I knew if I could write it I could find the core of the matter.
And the core of the matter is that I feel stupid for believing that I deserved that good and that the bad wouldn’t come and take it from me. The thing I fear most is that the truth is I Always Fall.
But why does that frighten me?
I’ve gotten up more times than I know how to count. I’m not sure there is a number that expresses how many times I have gotten up. Falling. I am an expert at fucking falling.
But I am also an expert—by at least a sum of ONE MORE NUMBER—at GETTING UP.
I Always Get Up. I Always Stand. Still I Rise.

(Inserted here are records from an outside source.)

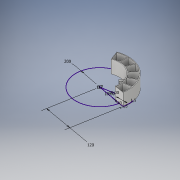
# Autodesk Inventor part: bacRecupBonbon
Saved by Autodesk Inventor 2019 (Build 230136000, 136)
## iProperties
Created: 2021-01-08
Part Number: bacRecupBonbon
Material: Générique
Document SubType Name: Modeling
Designer: tom.mousset
Density: 1 g/cm^3
Appearance: Par défaut
Author: tom.mousset
## iProperties of the stored document BVav_Impression 3D.ipt
Created: 2021-01-08
Part Number: BVav_Impression 3D
Material: Générique
Document SubType Name: Modeling
Designer: tom.mousset
Density: 1 g/cm^3
Appearance: Par défaut
Author: tom.mousset
Autodesk Inventor part; units mm, degrees
ref_plane "YZ Plane" through (0, 0, 0) normal (1, 0, 0) x (0, 1, 0)
ref_plane "XZ Plane" through (0, 0, 0) normal (0, 1, 0) x (-1, 0, 0)
sketch "Esquisse1" plane through (0, 0, 0) normal (0, 1, 0) x (-1, 0, 0)
  circle A0 centre (0, 0) radius 100
  line L0 (0, 0) -> (-118.1769, 20.8378)
  line L1 (0, 0) -> (-2.1593, 0)
  line L2 (0, 0) -> (-118.1769, -20.8378)
  arc A1 (-118.1769, 20.8378) -> (-118.1769, -20.8378) centre (0, 0) ccw
  line L3 (-118.1769, 20.8378) -> (-78.7846, 13.8919)
  arc A2 (-78.7846, 13.8919) -> (-78.7846, -13.8919) centre (0, 0) ccw
  line L4 (-78.7846, -13.8919) -> (-118.1769, -20.8378)
  arc A3 (-115.2225, 20.3168) -> (-115.2225, -20.3168) centre (0, 0) ccw
  arc A4 (-81.739, 14.4128) -> (-81.739, -14.4128) centre (0, 0) ccw
  line L5 (-115.4735, 18.838) -> (-81.9862, 12.9332)
  line L6 (-115.4735, -18.838) -> (-81.9862, -12.9332)
  dimension "d0" = 200
  dimension "d1" = 10
  dimension "d2" = 10
  dimension "d3" = 40
  dimension "d4" = 120
  dimension "d5" = 117
  dimension "d6" = 83
  dimension "d7" = 1.5
  dimension "d8" = 1.5
  constraints: 14 end point, 12 point on circle, 7 point on line, 5 centre point, 5 coincident, 2 parallel, 1 collinear, 1 equal length, 1 horizontal
  measures "d0" diameter of A0
  measures "d1" angle of L0 L1
  measures "d2" angle of L1 L2
  measures "d3" distance of L0.end L3.end
  measures "d4" distance of L0.start L0.end
  measures "d5" radius of A3
  measures "d6" radius of A4
  measures "d7" distance between parallel lines of L3 L5
  measures "d8" distance between parallel lines of L2 L6
extrude "Extrusion2" add sketch "Esquisse1" along normal blind 50 and the other way blind 3.5 contours L0 A4 L5 A0 | A0 L5 A3 L0 | L2 A3 L6 A0 | A0 L6 A4 L2 | L5 A4 L6 A0 | A0 L6 A3 L5 | L0 A2 L2 A4 | A3 L2 A1 L0
extrude "Extrusion3" cut sketch "Esquisse1" along normal blind 60 contours L5 A4 L6 A0 | A0 L6 A3 L5
pattern_circular "Réseau circulaire1" count 6 over 100 about axis through (0, -10, 0) along (0, 1, 0) of "Extrusion2", "Extrusion3"
sketch "Esquisse2" plane through (0, -3.5, 0) normal (0, -1, 0) x (1, 0, 0)
  line L0 (0, 0) -> (51.423, -61.2836)
  arc A0 (-27.3616, -75.1754) -> (78.7846, 13.8919) centre (0, 0) ccw projected
  line L1 (0, 0) -> (78.7846, 13.8919)
  line L2 (62.0017, -50.5549) -> (69.6621, -44.127)
  line L3 (69.6621, -44.127) -> (56.8064, -28.8061)
  line L4 (56.8064, -28.8061) -> (49.1459, -35.234)
  line L5 (49.1459, -35.234) -> (62.0017, -50.5549)
  dimension "d20" = 60
  dimension "d21" = 10
  dimension "d22" = 15
  dimension "d23" = 20
  constraints: 12 end point, 2 parallel, 2 perpendicular, 2 point on circle
  measures "d20" angle of L1 L0
  measures "d21" distance of L2.start L2.end
  measures "d22" distance from line of L0 L2.start
  measures "d23" distance of L4.end L2.start
extrude "Extrusion4" add sketch "Esquisse2" against normal blind 10 contours L5 L4 L3 A0 | A0 L3 L2
ref_plane "Plan de construction1" through (0, 0, 0) normal (0.766, 0, 0.6428) x (0.6422, -0.0437, -0.7653)
mirror "Symétrie1" about plane through (0, 0, 0) normal (0.766, 0, 0.6428) of "Extrusion4"
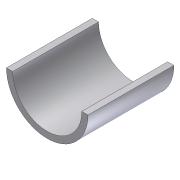
# Autodesk Inventor part: FE-00013-01
Saved by Autodesk Inventor 2012 (Build 160160000, 160)
## iProperties
Created: 2008-05-28
Part Number: FE-00013-01
Description: Rail Cradle
Document SubType Name: Modeling
Designer: narosenberg
Density: 1 g/cm^3
Mass: 13.1009 g
Surface Area: 80.0414 cm^2
Volume: 13.1009 cm^3
Material: Default
Author: narosenberg
Autodesk Inventor part; units mm, degrees
ref_plane "YZ Plane" through (0, 0, 0) normal (1, 0, 0) x (0, 1, 0)
ref_plane "XZ Plane" through (0, 0, 0) normal (0, 1, 0) x (-1, 0, 0)
ref_plane "XY Plane" through (0, 0, 0) normal (0, 0, 1) x (1, 0, 0)
sketch "Sketch1" plane through (0, 0, 0) normal (0, 0, 1) x (1, 0, 0)
  arc A0 (-29.2796, 12.7254) -> (11.6144, 12.7254) centre (-8.8326, 12.7254) ccw
  arc A1 (-32.9626, 12.7254) -> (15.2974, 12.7254) centre (-8.8326, 12.7254) ccw
  line L0 (-8.8326, 12.7254) -> (-8.8326, -11.4046)
  line L1 (-32.9626, 12.7254) -> (15.2974, 12.7254)
  dimension "d0" = 40.894
  dimension "d1" = 48.26
  dimension "d4" = 24.13
  constraints: 5 point on circle, 4 end point, 2 centre point, 2 point on line, 1 coincident, 1 perpendicular
  measures "d0" diameter of A0
  measures "d1" diameter of A1
  measures "d4" distance from line of L0.end L1
extrude "Extrusion1" add sketch "Sketch1" along normal blind 50.8 contours A0 L0 A1 L1 | A0 L1 A1 L0
body "Solid1"

All this chaos of the night and these flashes of what may have happened and who may or may not be here for my good or for my ill. All these thoughts and feelings and glimpses. All of this comes to nothing and it means nothing. Because at the end of this, I get up and I keep going.
I already know that is true.
And maybe I didn’t know it until this moment. But I know it now.
I also know that it has been true for years and years. It isn’t going to stop being true anytime soon, or because of any circumstance—whether I remember it or not, whether I was raped or not, whether this asshole dude’s DNA is on my person or not, whether I lose friends or not, whether Stavros checks the surveillance or not, whether I find the perpetrator of this violence or not, and whether I find an amazing partner in the future or not.
I will find my footing.
I will find my wisdom and my gratitude and my abundance and my grace and my joy. They will radiate from me. I will pour them out upon the world.
I am rising again.
You are beautiful, I love and respect your determination to Rise. What somebody did to you doesn’t negate the progress you’ve made elsewhere, it’s just temporarily hidden behind the natural grieving and coping responses, there is no timeline to to the process and not remembering is both a blessing and a curse. Sending love, hugs and prayers. Thank you for having the courage to post and encourage others struggling.